31 дек. 2017 г., в 22:30, Ivan Kartyshov <i.kartyshov@postgrespro.ru> написал(а):
Hello, I`d like to show my implementation of SLRU file protection with checksums.
.....
I would like to hear your thoughts over my patch.
As far as I can see, the patch solves problem of hardware corruption in SLRU.
This seems a valid concern. I've tried to understand your patch and few questions arose which I could not answer myself.
1. Why do you propose different GUC besides ignore_checksum_failure? What is scenario of it's use which is not covered by general GUC switch?
2. What is performance penalty of having this checksums?
Besides this, some things seems suspicious to me:
1. This comment seems excessive. I'd leave just first one first line.
+/*
+ * GUC variable
+ * Set from backend:
+ * alter system set ignore_slru_checksum_failure = on/off;
+ * select pg_reload_conf();
+ */
2. Functions pg_checksum_slru_page() and pg_getchecksum_slru_page() operate with two bytes instead of uint16. This seems strange.
3. This line
checksum = (pg_checksum_block(page, BLCKSZ) % 65535) + 1;
Need to share comment with previous function (pg_checksum_page()). +1 was a tough thing for me to understand before looking around and reading those comments.
4. I could not understand purpose of this expression
page[BLCKSZ - 1] & 0X00FF
Happy New Year :) Keep up good work.
Best regards, Andrey Borodin.
On Mon, Jan 1, 2018 at 9:19 PM, Andrey Borodin <x4mmm@yandex-team.ru> wrote:
31 дек. 2017 г., в 22:30, Ivan Kartyshov <i.kartyshov@postgrespro.ru>
написал(а):
Hello, I`d like to show my implementation of SLRU file protection with
checksums.
.....
I would like to hear your thoughts over my patch.As far as I can see, the patch solves problem of hardware corruption in
SLRU.
This seems a valid concern. I've tried to understand your patch and few
questions arose which I could not answer myself.1. Why do you propose different GUC besides ignore_checksum_failure? What
is scenario of it's use which is not covered by general GUC switch?
2. What is performance penalty of having this checksums?Besides this, some things seems suspicious to me: 1. This comment seems excessive. I'd leave just first one first line. +/* + * GUC variable + * Set from backend: + * alter system set ignore_slru_checksum_failure = on/off; + * select pg_reload_conf(); + */ 2. Functions pg_checksum_slru_page() and pg_getchecksum_slru_page() operate with two bytes instead of uint16. This seems strange. 3. This line checksum = (pg_checksum_block(page, BLCKSZ) % 65535) + 1; Need to share comment with previous function (pg_checksum_page()). +1 was a tough thing for me to understand before looking around and reading those comments. 4. I could not understand purpose of this expression page[BLCKSZ - 1] & 0X00FF
Andrey, thank you for review.
Ivan, thank you for submitting this patch.

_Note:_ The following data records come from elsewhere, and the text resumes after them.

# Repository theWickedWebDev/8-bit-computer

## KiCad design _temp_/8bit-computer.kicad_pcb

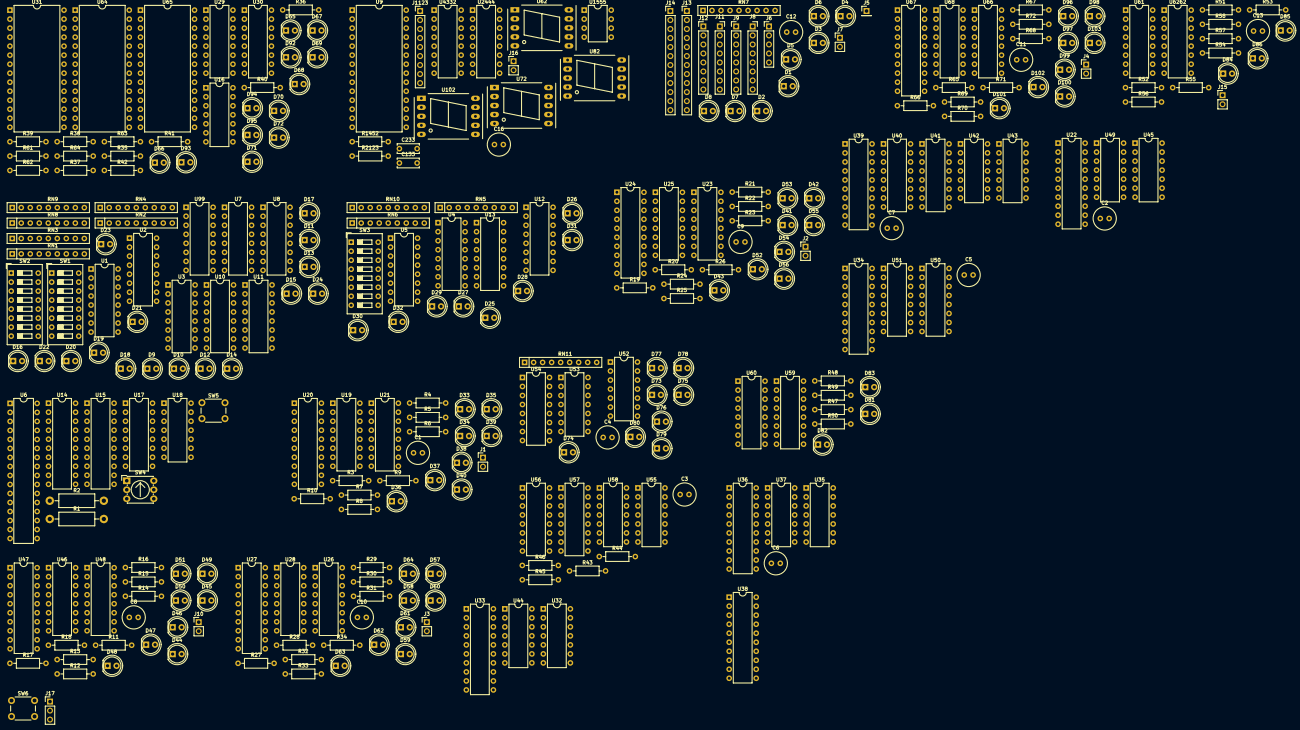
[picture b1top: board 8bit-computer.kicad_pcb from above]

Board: 2 copper layers, 296 parts (0 on the bottom side), 467 nets, no tracks yet.

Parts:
C1, C2, C3, C4, C5, C6, C7, C8, C9, C10, C11, C12, C13, C16: CP1; C_Radial_D6.3mm_H11.0mm_P2.50mm
C133: CP; C_Disc_D6.0mm_W2.5mm_P5.00mm
C233: C; C_Disc_D6.0mm_W2.5mm_P5.00mm
D1, D2, D3, D4, D5, D6, D7, D8, D9, D10, D11, D12, D13, D14, D15, D16, D17, D18, D19, D20, D21, D22, D23, D24, D25, D26, D27, D28, D29, D30, D31, D32, D33, D34, D35, D36, D37, D38, D39, D40, D41, D42, D43, D44, D45, D46, D47, D48, D49, D50, D51, D52, D53, D54, D55, D56, D57, D58, D59, D60, D61, D62, D63, D64, D65, D66, D67, D68, D69, D70, D71, D72, D73, D74, D75, D76, D77, D78, D79, D80, D81, D82, D83, D84, D85, D86, D92, D93, D94, D95, D96, D97, D98, D99, D100, D101, D102, D103: LED; LED_D5.0mm
J1, J2, J3, J4, J7, J10, J15, J16: Conn_01x04; PinHeader_1x02_P2.54mm_Vertical
J5: Conn_01x04; PinHeader_1x01_P2.54mm_Vertical
J6: Conn_01x04; PinHeader_1x05_P2.54mm_Vertical
J8, J11: Conn_01x08; PinSocket_1x08_P2.54mm_Vertical
J9, J12: Conn_01x08; PinHeader_1x08_P2.54mm_Vertical
J13, J14: Conn_01x08; PinHeader_1x12_P2.54mm_Vertical
J17: Conn_01x03; PinHeader_1x03_P2.54mm_Vertical
J1123: Conn_01x09; PinHeader_1x09_P2.54mm_Vertical
R1, R2: R_US; R_Axial_DIN0411_L9.9mm_D3.6mm_P15.24mm_Horizontal
R3, R4, R5, R6, R7, R8, R9, R10, R11, R12, R13, R14, R15, R16, R17, R18, R19, R20, R21, R22, R23, R24, R25, R26, R27, R28, R29, R30, R31, R32, R33, R34, R35, R36, R37, R38, R39, R40, R41, R42, R43, R44, R45, R46, R47, R48, R49, R50, R51, R52, R53, R54, R55, R56, R57, R58, R61, R62, R63, R64, R65, R66, R67, R68, R69, R70, R71, R72, R1452, R2123: R_US; R_Axial_DIN0207_L6.3mm_D2.5mm_P10.16mm_Horizontal
RN1, RN2, RN3, RN4, RN5, RN6, RN8, RN9, RN10: R_Network08_US; R_Array_SIP9
RN7, RN11: R_Network08; R_Array_SIP9
SW1, SW2, SW3: SW_DIP_x08; SW_DIP_SPSTx08_Slide_9.78x22.5mm_W7.62mm_P2.54mm
SW4: SW_SPDT; Nidec_Copal_SH-7010C
SW5, SW6: SW_Push; SW_PUSH_6mm
U1, U2, U4, U5, U7, U10, U19, U21, U23, U25, U26, U28, U66, U68: 74LS173; DIP-16_W7.62mm
U3, U8, U11, U12, U13, U17, U56, U57, U99: 74LS157; DIP-16_W7.62mm
U6: IS61C1024-15N; DIP-32_W7.62mm
U9, U31, U64, U65: AT28C256; DIP-28_W15.24mm
U14, U15, U20, U22, U24, U27, U33, U34, U36, U38, U39, U47, U67: 74LS245; DIP-20_W7.62mm
U16, U52, U55, U58: 74LS04; DIP-14_W7.62mm
U18: 74LS00; DIP-14_W7.62mm
U29, U46, U48: 74LS161; DIP-16_W7.62mm
U30, U54: 74LS138; DIP-16_W7.62mm
U32, U44, U53: 74LS08; DIP-14_W7.62mm
U35, U37, U42, U43: 74LS86; DIP-14_W7.62mm
U40, U41: 74LS283; DIP-16_W7.62mm
U45, U49: 74LS32; DIP-14_W7.62mm
U50, U51: 74LS194; DIP-16_W7.62mm
U59, U60: 74LS85; DIP-16_W7.62mm
U61, U6262: 74LS08; DIP-16_W7.62mm
U62, U72, U82, U102: HDSP-7503; 7SegmentLED_LTS6760_LTS6780
U1555: NE55P; DIP-8_W7.62mm
U2444: 74LS76; DIP-16_W7.62mm
U4332: 74LS139; DIP-16_W7.62mm

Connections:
+5V: R1.1, R2.2, RN1.1, RN2.1, RN3.1, RN4.1, RN6.1, U1.16, U2.16, U3.16, U4.16, U5.16, U6.30, U6.32, U7.16, U8.16, U10.16, U11.16, U12.16, U13.16, U14.20, U15.20, U17.16, U99.16
/ALU Arithmetic Logic Unit/A1: J8.8, J9.8, U37.13, U38.11, U41.5, U44.1, U49.12, U51.6, U59.10
/ALU Arithmetic Logic Unit/A2: J8.7, J9.7, U37.10, U38.12, U41.3, U44.4, U49.9, U51.5, U59.12
/ALU Arithmetic Logic Unit/A3: J8.6, J9.6, U37.5, U38.13, U41.14, U44.9, U49.4, U51.4, U59.13
/ALU Arithmetic Logic Unit/A4: J8.5, J9.5, U37.2, U38.14, U41.12, U44.12, U49.1, U51.3, U59.15
/ALU Arithmetic Logic Unit/A5: J8.4, J9.4, U32.1, U35.13, U38.15, U40.5, U45.12, U50.6, U60.10
/ALU Arithmetic Logic Unit/A6: J8.3, J9.3, U32.4, U35.10, U38.16, U40.3, U45.9, U50.5, U60.12
/ALU Arithmetic Logic Unit/A7: J8.2, J9.2, U32.9, U35.5, U38.17, U40.14, U45.4, U50.4, U60.13
/ALU Arithmetic Logic Unit/A8: J8.1, J9.1, U32.12, U35.2, U38.18, U40.12, U45.1, U50.3, U60.15
/ALU Arithmetic Logic Unit/ALU Control Pins/ADD: U39.19, U53.3
/ALU Arithmetic Logic Unit/ALU Control Pins/AND: D77.2, U33.19, U54.12
/ALU Arithmetic Logic Unit/ALU Control Pins/EN: J6.2, U54.6
/ALU Arithmetic Logic Unit/ALU Control Pins/F0: J6.5, U54.1
/ALU Arithmetic Logic Unit/ALU Control Pins/F1: J6.4, U54.2
/ALU Arithmetic Logic Unit/ALU Control Pins/F2: J6.3, U54.3
/ALU Arithmetic Logic Unit/ALU Control Pins/SHIFT_EN: U34.19, U53.6
/ALU Arithmetic Logic Unit/ALU Control Pins/SHL: D75.2, U50.10, U51.10, U53.4, U54.10
/ALU Arithmetic Logic Unit/ALU Control Pins/SHR: D74.2, U50.9, U51.9, U53.5, U54.9
/ALU Arithmetic Logic Unit/B1: J11.8, J12.8, U37.12, U43.12, U44.2, U49.13, U59.9
/ALU Arithmetic Logic Unit/B2: J11.7, J12.7, U37.9, U43.9, U44.5, U49.10, U59.11
/ALU Arithmetic Logic Unit/B3: J11.6, J12.6, U37.4, U43.4, U44.10, U49.5, U59.14
/ALU Arithmetic Logic Unit/B4: J11.5, J12.5, U37.1, U43.1, U44.13, U49.2, U59.1
/ALU Arithmetic Logic Unit/B5: J11.4, J12.4, U32.2, U35.12, U42.12, U45.13, U60.9
/ALU Arithmetic Logic Unit/B6: J11.3, J12.3, U32.5, U35.9, U42.9, U45.10, U60.11
/ALU Arithmetic Logic Unit/B7: J11.2, J12.2, U32.10, U35.4, U42.4, U45.5, U60.14
/ALU Arithmetic Logic Unit/B8: J11.1, J12.1, U32.13, U35.1, U42.1, U45.2, U60.1
/ALU Arithmetic Logic Unit/CARRY: J13.12, J14.12, U40.9, U61.12
/ALU Arithmetic Logic Unit/Compare Unit (GT, LT, EQ)/GT: D83.2, J13.9, J14.9, U60.5
/ALU Arithmetic Logic Unit/Compare Unit (GT, LT, EQ)/LT: D82.2, J13.10, J14.10, U60.7
/ALU Arithmetic Logic Unit/EQ: D81.2, J13.11, J14.11, U60.6, U6262.2
/ALU Arithmetic Logic Unit/NOT Unit/ALU_OUT1: D8.2, J13.1, J14.1, U57.4
/ALU Arithmetic Logic Unit/NOT Unit/ALU_OUT2: D7.2, J13.2, J14.2, U57.7
/ALU Arithmetic Logic Unit/NOT Unit/ALU_OUT3: D6.2, J13.3, J14.3, U57.9
/ALU Arithmetic Logic Unit/NOT Unit/ALU_OUT4: D5.2, J13.4, J14.4, U57.12
/ALU Arithmetic Logic Unit/NOT Unit/ALU_OUT5: D4.2, J13.5, J14.5, U56.4
/ALU Arithmetic Logic Unit/NOT Unit/ALU_OUT6: D3.2, J13.6, J14.6, U56.7
/ALU Arithmetic Logic Unit/NOT Unit/ALU_OUT7: D2.2, J13.7, J14.7, U56.9
/ALU Arithmetic Logic Unit/NOT Unit/ALU_OUT8: D1.2, J13.8, J14.8, U56.12
/ALU Arithmetic Logic Unit/NOT Unit/INVERT: J6.1, U56.1, U57.1
/ALU Arithmetic Logic Unit/OR Unit/OE: D78.2, U22.19, U54.13
/ALU Arithmetic Logic Unit/Pass Through Unit/OE: D73.2, U38.19, U54.7
/ALU Arithmetic Logic Unit/SUB: U41.7, U42.2, U42.5, U42.10, U42.13, U43.2, U43.5, U43.10, U43.13, U52.2
/ALU Arithmetic Logic Unit/SUM_HIGH_BIT: U22.2, U33.2, U34.2, U36.2, U38.2, U39.2, U55.1, U56.14, U6262.4
/ALU Arithmetic Logic Unit/Shift Left/Right Unit/CLOCK: J5.1, U50.11, U51.11
/ALU Arithmetic Logic Unit/XOR Unit/OE: D76.2, U36.19, U54.11
/ALU Arithmetic Logic Unit/Y1: U22.9, U33.9, U34.9, U36.9, U38.9, U39.9, U52.3, U57.2
/ALU Arithmetic Logic Unit/Y2: U22.8, U33.8, U34.8, U36.8, U38.8, U39.8, U57.5, U58.1
/ALU Arithmetic Logic Unit/Y3: U16.13, U22.7, U33.7, U34.7, U36.7, U38.7, U39.7, U57.11
/ALU Arithmetic Logic Unit/Y4: U16.11, U22.6, U33.6, U34.6, U36.6, U38.6, U39.6, U57.14
/ALU Arithmetic Logic Unit/Y5: U16.9, U22.5, U33.5, U34.5, U36.5, U38.5, U39.5, U56.2
/ALU Arithmetic Logic Unit/Y6: U16.5, U22.4, U33.4, U34.4, U36.4, U38.4, U39.4, U56.5
/ALU Arithmetic Logic Unit/Y7: U16.3, U22.3, U33.3, U34.3, U36.3, U38.3, U39.3, U56.11
/CLOCK: J17.1, U1.7, U2.7, U4.7, U5.7, U7.7, U10.7, U18.2, U19.7, U21.7, U23.7, U25.7, U26.7, U28.7, U29.2, U46.2, U48.2, U61.7, U66.7, U68.7
/Clock/HALT: J17.2, U65.18
/Control Word Unit/FLAG1: U31.7, U64.7, U65.7
/Control Word Unit/FLAG2: U31.6, U64.6, U65.6
/Control Word Unit/FLAG3: U31.5, U64.5, U65.5
/Control Word Unit/FLAG4: U31.4, U64.4, U65.4
/Control Word Unit/INST1: U31.3, U64.3, U65.3, U67.2
/Control Word Unit/INST2: U31.25, U64.25, U65.25, U67.3
/Control Word Unit/INST3: U31.24, U64.24, U65.24, U67.4
/Control Word Unit/INST4: U31.21, U64.21, U65.21, U67.5
/Control Word Unit/INST5: U31.23, U64.23, U65.23, U67.6
/Control Word Unit/INST6: U31.2, U64.2, U65.2, U67.7
/Control Word Unit/INST7: U31.26, U64.26, U65.26, U67.8
/Control Word Unit/INST8: U31.1, U64.1, U65.1, U67.9
/Control Word Unit/MAR1_LATCH: U1.9, U1.10, U2.9, U2.10, U65.11
/Control Word Unit/MAR2_LATCH: U7.9, U7.10, U10.9, U10.10, U31.19
/Control Word Unit/MC18: U65.12, U66.9, U66.10, U68.9, U68.10
/Control Word Unit/MC19: U65.13, U67.19
/Control Word Unit/MEM_DATA_LATCH: U4.9, U4.10, U5.9, U5.10, U31.17
/Control Word Unit/RAM_MODE: SW4.2, U3.1, U8.1, U11.1, U12.1, U13.1, U17.1, U99.1
/Control Word Unit/RAM_OUT: U15.19, U31.18
/Control Word Unit/RAM_WRITE: U14.19, U16.2, U18.1, U31.16
/Control Word Unit/REGISTER_A_IN: U19.9, U19.10, U21.9, U21.10, U31.11
/Control Word Unit/REGISTER_A_OUT: U20.19, U64.19
/Control Word Unit/REGISTER_B_IN: U23.9, U23.10, U25.9, U25.10, U64.18
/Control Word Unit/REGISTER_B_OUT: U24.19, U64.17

I also have some notes on it
from the first glance.
1. It seems that you need to define some macro for (BLCKSZ - CHKSUMSZ) in
order to evade typing it multiple times.
2. You also didn't modify all the SLRU macros depending on useful size of
page. You missed at least COMMIT_TS_XACTS_PER_PAGE,
MULTIXACT_MEMBERGROUPS_PER_PAGE and SUBTRANS_XACTS_PER_PAGE.
3. pg_upgrade isn't considered. This patch should provide upgrading SLRUs
to adopt changed useful size of page. That seems to be hardest patch of
this patch to be written.
------
Alexander Korotkov
Postgres Professional: http://www.postgrespro.com
The Russian Postgres Company
On Wed, Jan 3, 2018 at 11:21 AM, Alexander Korotkov
<a.korotkov@postgrespro.ru> wrote:
On Mon, Jan 1, 2018 at 9:19 PM, Andrey Borodin <x4mmm@yandex-team.ru> wrote:
31 дек. 2017 г., в 22:30, Ivan Kartyshov <i.kartyshov@postgrespro.ru>
написал(а):Hello, I`d like to show my implementation of SLRU file protection with
checksums.
.....
I would like to hear your thoughts over my patch.As far as I can see, the patch solves problem of hardware corruption in
SLRU.
This seems a valid concern.
+1
It doesn't make sense to have a checksum feature that protects
relation files, but doesn't protect these super important meta-data
files that affect our interpretation of the relation files.
[...]
3. pg_upgrade isn't considered. This patch should provide upgrading SLRUs
to adopt changed useful size of page. That seems to be hardest patch of
this patch to be written.
+1
I think we'd want pg_upgrade tests showing an example of each SLRU
growing past one segment, and then being upgraded, and then being
accessed in various different pages and segment files, so that we can
see that we're able to shift the data to the right place successfully.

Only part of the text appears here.